_EXERCISE DIRECTIONS_: If a line in the data below holds the word "ezdxf", copy it.

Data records
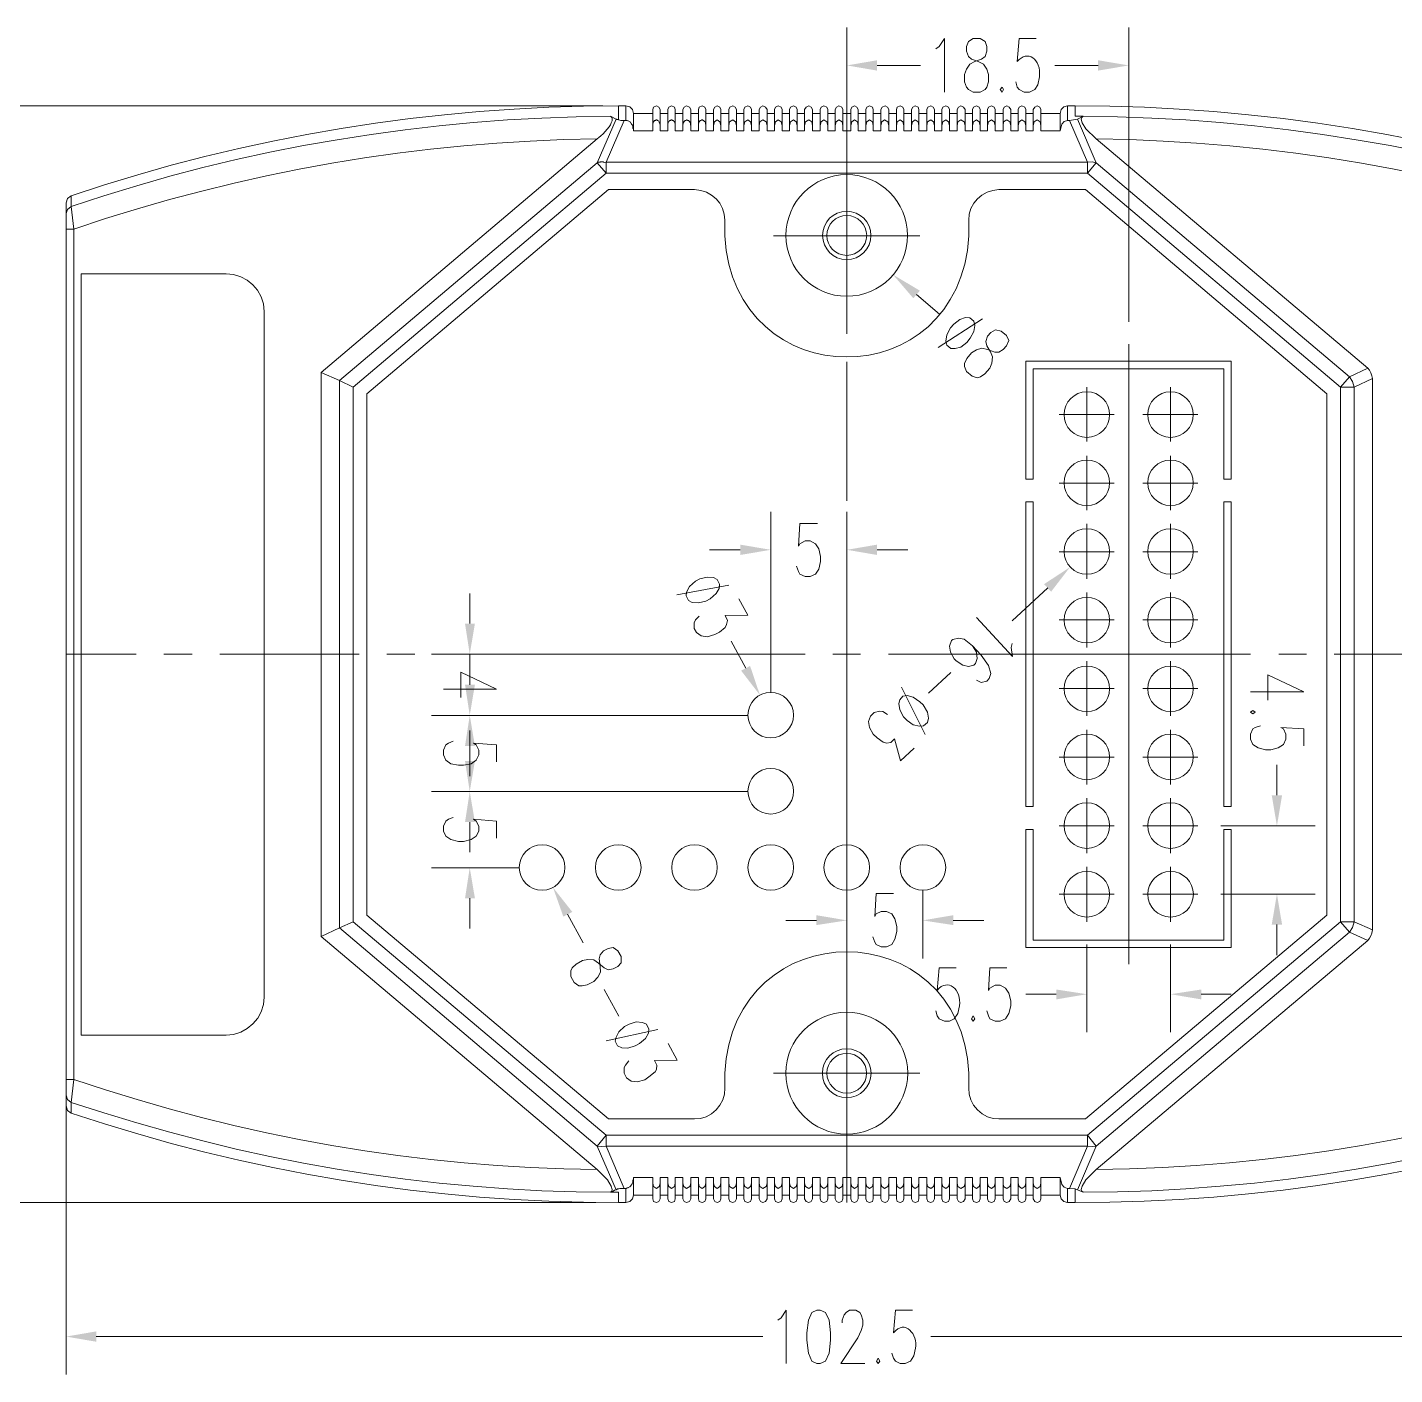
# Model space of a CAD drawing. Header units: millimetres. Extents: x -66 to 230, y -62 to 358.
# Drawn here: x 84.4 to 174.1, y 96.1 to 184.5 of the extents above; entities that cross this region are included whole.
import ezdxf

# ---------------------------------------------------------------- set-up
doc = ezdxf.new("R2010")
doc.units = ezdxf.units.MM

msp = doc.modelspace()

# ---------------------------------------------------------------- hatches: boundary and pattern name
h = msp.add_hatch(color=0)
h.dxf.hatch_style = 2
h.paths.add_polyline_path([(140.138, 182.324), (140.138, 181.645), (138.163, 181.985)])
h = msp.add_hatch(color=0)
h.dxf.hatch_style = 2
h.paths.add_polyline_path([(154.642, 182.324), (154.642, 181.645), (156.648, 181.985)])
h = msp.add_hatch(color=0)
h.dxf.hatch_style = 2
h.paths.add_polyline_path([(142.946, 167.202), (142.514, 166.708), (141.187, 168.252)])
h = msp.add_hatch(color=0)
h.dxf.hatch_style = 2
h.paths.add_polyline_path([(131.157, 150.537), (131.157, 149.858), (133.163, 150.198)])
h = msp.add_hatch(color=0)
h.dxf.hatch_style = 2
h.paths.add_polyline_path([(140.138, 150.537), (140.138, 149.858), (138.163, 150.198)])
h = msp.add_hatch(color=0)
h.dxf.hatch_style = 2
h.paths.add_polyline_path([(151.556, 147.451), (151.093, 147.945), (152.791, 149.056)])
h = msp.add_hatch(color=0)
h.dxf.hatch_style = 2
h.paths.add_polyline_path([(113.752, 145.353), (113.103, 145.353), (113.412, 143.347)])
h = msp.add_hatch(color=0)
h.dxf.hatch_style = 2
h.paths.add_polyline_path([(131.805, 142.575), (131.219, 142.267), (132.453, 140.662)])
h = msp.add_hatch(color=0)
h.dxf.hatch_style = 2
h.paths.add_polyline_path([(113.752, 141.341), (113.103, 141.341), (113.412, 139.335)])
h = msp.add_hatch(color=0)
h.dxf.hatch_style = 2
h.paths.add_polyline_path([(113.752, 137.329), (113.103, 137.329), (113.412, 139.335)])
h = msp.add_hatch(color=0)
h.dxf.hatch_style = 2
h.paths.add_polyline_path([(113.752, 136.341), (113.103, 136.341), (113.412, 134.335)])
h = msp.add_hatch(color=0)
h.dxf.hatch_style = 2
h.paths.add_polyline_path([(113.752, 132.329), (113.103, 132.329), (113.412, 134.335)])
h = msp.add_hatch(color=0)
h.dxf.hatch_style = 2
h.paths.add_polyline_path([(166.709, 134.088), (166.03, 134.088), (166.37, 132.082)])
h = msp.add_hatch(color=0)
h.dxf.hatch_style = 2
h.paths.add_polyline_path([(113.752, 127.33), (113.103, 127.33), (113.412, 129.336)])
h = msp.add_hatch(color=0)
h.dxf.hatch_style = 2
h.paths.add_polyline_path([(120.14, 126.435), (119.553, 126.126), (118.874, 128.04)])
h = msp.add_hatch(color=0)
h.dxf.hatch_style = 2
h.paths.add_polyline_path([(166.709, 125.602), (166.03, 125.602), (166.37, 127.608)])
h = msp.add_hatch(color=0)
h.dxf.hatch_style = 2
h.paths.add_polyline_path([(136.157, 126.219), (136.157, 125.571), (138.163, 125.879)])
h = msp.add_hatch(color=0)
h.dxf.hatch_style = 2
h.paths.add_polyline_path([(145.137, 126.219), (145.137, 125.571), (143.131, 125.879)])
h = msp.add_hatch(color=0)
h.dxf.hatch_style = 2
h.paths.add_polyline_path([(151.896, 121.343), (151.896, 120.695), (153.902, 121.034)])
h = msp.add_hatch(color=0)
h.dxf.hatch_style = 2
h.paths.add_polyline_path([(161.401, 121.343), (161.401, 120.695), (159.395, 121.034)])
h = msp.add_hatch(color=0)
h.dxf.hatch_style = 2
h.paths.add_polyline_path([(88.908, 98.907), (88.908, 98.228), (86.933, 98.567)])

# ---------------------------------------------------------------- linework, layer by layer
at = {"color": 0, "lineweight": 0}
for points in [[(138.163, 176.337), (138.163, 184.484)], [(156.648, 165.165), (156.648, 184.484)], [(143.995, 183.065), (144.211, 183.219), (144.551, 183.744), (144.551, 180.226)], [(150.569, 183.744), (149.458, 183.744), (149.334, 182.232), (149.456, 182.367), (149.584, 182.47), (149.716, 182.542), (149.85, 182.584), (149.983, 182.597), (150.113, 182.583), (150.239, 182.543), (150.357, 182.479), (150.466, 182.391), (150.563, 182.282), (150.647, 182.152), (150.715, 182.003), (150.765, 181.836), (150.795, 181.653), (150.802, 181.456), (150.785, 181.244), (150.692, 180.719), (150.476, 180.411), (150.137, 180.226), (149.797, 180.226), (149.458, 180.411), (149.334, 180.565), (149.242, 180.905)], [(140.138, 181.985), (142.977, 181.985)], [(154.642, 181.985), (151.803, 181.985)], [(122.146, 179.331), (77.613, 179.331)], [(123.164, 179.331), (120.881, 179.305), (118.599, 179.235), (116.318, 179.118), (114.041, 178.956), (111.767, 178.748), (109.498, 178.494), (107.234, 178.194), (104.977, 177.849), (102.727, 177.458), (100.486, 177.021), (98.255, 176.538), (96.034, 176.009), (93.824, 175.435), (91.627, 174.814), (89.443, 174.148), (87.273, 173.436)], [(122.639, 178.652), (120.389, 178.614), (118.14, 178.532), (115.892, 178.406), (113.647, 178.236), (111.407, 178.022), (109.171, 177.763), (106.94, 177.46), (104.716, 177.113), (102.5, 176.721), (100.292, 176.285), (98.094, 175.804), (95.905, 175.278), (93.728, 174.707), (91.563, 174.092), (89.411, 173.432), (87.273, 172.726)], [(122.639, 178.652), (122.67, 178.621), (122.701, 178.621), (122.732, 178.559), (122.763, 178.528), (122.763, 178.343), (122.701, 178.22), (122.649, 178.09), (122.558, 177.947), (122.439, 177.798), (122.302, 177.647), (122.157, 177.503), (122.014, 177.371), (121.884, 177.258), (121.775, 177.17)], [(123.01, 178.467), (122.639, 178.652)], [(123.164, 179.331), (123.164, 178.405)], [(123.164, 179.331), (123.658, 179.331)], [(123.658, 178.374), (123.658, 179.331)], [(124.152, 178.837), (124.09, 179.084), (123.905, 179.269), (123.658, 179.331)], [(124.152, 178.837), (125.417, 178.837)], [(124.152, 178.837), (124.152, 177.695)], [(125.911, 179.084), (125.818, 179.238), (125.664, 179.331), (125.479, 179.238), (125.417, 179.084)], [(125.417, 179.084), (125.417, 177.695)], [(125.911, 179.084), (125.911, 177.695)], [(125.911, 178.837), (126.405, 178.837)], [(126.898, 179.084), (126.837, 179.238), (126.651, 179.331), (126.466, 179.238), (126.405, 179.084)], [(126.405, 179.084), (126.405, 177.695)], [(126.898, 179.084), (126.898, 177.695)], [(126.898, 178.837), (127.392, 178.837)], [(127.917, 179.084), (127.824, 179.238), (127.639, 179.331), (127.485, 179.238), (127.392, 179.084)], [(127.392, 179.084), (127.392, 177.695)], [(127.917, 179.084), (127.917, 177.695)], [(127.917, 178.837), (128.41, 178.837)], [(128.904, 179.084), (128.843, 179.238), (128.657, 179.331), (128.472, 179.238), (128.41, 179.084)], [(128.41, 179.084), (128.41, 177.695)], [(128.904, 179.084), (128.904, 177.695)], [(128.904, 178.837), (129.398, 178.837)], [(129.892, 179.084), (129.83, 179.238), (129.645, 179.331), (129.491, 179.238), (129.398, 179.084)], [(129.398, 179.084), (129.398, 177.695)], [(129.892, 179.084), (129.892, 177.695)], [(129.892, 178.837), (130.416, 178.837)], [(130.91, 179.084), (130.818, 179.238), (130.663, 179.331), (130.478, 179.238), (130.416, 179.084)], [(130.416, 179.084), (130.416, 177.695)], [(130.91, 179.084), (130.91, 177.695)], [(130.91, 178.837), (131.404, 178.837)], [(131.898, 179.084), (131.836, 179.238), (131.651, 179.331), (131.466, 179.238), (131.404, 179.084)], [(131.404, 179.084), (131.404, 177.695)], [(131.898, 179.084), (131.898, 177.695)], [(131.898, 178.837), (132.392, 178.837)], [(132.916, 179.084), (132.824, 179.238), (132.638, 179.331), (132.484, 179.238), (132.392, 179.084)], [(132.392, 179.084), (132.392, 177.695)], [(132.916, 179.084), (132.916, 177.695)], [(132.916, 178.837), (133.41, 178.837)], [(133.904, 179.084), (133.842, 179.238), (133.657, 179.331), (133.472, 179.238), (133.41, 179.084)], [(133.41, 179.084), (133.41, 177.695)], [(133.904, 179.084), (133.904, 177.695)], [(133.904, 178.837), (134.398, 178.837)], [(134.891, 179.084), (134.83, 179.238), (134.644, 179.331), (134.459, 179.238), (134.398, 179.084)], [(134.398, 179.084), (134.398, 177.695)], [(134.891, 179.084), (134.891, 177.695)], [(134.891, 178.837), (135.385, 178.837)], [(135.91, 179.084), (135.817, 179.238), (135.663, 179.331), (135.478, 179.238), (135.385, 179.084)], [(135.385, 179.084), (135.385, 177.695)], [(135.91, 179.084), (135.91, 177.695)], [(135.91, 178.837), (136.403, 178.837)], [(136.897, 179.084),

_SOLUTION TO THE PROBLEM_:
import ezdxf
doc = ezdxf.new("R2010")
doc.units = ezdxf.units.MM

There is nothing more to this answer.